**Problem to solve:**
For each line below, check for "Matrix"; give only the total of lines where it occurs.

Data START

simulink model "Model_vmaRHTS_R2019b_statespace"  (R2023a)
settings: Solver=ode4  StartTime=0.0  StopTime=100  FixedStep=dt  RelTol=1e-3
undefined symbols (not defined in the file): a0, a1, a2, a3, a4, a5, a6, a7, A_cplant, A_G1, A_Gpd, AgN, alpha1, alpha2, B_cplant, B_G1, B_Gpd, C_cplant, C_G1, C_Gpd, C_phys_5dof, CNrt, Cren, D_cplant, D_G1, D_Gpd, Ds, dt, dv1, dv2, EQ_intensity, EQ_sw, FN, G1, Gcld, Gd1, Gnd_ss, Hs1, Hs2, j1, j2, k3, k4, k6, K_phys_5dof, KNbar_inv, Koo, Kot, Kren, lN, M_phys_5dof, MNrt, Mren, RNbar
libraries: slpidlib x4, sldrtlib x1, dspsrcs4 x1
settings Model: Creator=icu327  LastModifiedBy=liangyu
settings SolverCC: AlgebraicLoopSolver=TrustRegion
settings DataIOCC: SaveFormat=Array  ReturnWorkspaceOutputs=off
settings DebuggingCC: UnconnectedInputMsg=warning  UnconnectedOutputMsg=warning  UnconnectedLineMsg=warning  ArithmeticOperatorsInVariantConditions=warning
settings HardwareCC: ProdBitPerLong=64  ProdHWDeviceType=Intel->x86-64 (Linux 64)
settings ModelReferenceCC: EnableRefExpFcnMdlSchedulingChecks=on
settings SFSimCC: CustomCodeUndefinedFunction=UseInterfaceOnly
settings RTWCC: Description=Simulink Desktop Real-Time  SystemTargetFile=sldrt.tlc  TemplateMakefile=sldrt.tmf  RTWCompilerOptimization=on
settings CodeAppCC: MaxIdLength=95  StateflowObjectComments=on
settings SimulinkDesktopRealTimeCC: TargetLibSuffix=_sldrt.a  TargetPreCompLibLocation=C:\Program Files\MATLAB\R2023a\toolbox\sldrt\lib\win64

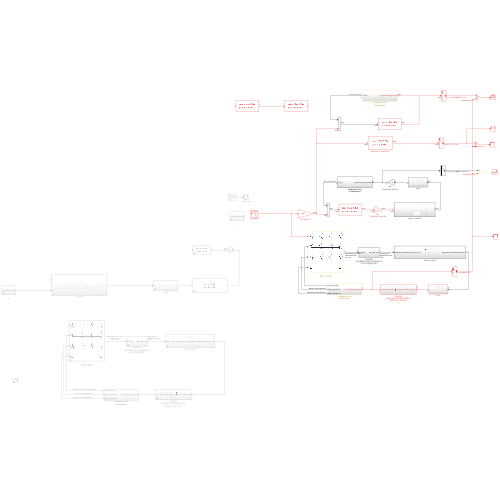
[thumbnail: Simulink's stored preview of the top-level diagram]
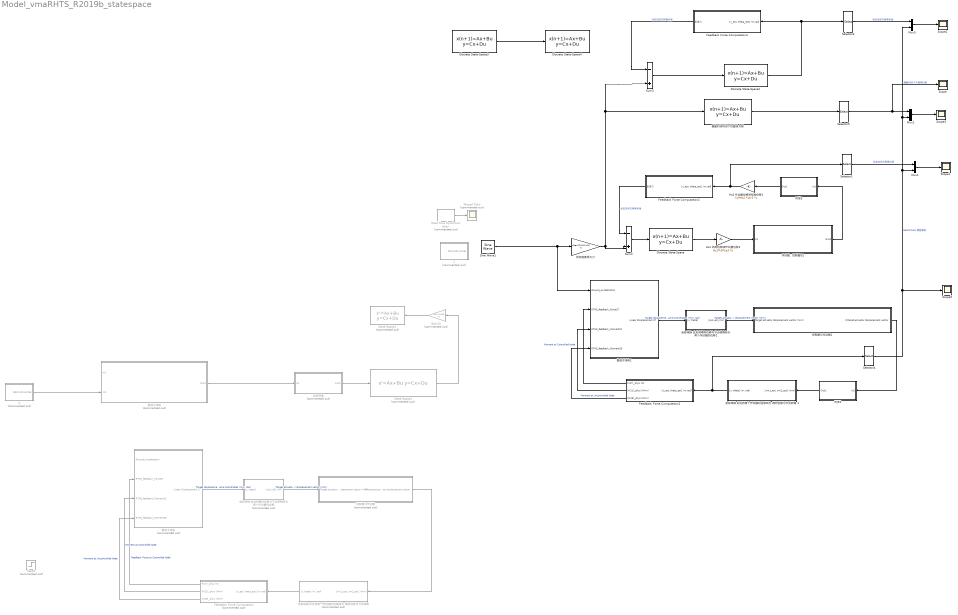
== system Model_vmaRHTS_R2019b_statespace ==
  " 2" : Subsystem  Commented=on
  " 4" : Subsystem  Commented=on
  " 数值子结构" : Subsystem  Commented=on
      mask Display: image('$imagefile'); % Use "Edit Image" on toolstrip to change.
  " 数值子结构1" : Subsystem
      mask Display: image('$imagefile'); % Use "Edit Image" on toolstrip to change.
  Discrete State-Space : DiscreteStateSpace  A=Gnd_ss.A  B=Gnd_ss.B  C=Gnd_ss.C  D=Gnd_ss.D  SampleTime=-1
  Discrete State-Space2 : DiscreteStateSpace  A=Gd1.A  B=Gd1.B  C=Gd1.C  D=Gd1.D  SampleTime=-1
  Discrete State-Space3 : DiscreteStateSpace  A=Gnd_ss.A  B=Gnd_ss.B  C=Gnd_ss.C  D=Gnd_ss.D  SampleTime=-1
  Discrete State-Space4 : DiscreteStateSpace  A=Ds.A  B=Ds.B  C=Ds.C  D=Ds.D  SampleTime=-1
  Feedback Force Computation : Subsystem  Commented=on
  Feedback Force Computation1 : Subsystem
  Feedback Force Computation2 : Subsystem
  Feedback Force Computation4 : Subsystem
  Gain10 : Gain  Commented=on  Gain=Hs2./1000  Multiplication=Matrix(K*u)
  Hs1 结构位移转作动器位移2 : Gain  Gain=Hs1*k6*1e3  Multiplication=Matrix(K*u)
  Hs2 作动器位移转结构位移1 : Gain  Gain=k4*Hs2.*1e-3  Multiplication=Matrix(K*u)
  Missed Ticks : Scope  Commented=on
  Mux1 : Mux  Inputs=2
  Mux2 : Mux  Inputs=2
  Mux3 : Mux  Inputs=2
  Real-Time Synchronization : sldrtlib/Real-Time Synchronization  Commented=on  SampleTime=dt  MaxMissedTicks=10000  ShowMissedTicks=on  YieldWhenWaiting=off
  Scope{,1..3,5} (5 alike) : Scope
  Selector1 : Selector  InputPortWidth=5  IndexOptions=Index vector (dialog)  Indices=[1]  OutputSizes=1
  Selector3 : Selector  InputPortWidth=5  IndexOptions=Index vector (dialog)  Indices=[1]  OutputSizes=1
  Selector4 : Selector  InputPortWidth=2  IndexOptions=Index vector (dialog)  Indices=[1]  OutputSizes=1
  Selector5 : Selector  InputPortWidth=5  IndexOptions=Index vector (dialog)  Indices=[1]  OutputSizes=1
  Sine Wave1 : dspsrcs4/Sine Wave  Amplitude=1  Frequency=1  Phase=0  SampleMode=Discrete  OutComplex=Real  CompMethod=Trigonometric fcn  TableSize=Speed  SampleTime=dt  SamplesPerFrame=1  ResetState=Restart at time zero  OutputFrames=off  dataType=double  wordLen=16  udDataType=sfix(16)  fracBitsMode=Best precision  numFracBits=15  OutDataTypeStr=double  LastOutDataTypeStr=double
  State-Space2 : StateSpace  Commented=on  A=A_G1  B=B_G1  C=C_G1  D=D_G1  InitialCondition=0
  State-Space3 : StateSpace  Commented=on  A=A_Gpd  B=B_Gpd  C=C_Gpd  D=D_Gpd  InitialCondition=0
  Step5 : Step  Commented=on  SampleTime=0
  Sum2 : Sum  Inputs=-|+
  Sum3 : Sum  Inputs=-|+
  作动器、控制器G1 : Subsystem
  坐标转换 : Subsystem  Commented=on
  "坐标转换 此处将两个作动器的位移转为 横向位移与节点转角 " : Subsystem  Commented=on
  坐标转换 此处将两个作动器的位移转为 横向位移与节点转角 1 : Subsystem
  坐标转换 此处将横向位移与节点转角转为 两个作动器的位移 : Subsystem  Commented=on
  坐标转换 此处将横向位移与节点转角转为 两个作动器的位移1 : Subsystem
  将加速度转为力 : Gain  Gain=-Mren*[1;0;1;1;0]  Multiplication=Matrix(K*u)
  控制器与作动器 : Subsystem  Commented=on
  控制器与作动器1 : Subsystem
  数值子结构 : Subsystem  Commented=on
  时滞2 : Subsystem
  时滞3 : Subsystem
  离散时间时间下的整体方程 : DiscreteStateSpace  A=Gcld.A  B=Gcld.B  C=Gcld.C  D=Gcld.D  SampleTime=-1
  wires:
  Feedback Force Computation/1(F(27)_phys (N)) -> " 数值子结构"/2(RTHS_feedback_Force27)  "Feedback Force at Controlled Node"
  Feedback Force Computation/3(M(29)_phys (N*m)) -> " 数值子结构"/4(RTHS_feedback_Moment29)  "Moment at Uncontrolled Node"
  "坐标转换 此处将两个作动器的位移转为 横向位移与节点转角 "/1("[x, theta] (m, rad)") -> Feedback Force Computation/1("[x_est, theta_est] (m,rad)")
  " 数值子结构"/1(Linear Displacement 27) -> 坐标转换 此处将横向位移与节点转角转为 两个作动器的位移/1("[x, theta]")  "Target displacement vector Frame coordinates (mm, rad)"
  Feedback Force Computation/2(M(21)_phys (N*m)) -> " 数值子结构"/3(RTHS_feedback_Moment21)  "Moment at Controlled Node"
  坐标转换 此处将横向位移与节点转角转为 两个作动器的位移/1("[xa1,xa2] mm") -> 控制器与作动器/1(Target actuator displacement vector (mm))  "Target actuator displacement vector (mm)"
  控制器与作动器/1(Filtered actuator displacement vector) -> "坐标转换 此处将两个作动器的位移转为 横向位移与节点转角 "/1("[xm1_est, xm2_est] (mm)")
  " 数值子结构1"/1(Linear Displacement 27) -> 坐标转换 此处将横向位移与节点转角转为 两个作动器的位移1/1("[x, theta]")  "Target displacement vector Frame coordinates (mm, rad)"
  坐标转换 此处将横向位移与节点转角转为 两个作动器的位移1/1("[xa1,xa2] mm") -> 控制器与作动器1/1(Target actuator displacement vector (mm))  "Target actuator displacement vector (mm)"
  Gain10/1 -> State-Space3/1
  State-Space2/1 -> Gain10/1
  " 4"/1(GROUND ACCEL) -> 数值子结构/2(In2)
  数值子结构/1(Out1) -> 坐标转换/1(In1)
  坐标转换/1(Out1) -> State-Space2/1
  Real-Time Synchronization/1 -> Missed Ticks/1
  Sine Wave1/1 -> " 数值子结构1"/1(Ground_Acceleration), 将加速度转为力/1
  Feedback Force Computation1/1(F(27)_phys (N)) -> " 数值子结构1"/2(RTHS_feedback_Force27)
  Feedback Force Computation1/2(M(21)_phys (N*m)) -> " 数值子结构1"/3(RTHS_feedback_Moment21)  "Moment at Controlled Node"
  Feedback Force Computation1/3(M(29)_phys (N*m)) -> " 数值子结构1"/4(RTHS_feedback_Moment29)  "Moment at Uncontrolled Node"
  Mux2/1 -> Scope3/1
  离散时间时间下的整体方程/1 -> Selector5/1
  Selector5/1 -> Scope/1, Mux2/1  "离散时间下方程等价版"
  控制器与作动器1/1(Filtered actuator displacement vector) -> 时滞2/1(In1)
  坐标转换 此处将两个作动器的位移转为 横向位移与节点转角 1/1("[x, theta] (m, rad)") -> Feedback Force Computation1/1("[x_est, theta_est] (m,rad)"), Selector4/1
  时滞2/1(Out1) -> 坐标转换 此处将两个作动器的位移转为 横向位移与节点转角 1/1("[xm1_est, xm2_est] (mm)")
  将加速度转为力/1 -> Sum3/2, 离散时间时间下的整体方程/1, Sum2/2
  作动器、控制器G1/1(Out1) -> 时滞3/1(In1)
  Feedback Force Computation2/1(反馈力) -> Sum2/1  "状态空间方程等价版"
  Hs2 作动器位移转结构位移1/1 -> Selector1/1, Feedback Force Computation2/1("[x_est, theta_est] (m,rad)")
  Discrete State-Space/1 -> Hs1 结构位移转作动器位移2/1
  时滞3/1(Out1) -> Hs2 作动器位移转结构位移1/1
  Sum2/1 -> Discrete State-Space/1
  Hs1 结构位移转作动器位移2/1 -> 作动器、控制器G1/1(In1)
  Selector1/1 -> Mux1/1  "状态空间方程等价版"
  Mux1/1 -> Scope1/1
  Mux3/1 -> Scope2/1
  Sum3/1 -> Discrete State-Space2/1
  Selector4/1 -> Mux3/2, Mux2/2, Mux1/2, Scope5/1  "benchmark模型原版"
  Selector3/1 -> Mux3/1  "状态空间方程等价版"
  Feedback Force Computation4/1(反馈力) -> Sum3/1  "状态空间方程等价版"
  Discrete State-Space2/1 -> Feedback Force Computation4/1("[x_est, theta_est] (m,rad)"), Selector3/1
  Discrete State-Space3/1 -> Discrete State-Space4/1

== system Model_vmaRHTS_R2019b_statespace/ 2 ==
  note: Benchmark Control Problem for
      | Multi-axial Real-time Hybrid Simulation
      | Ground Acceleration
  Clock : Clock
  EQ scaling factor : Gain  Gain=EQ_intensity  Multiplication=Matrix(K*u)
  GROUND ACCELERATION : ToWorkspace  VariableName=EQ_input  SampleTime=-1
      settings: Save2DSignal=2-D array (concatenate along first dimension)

Data END

**Answer section:**
5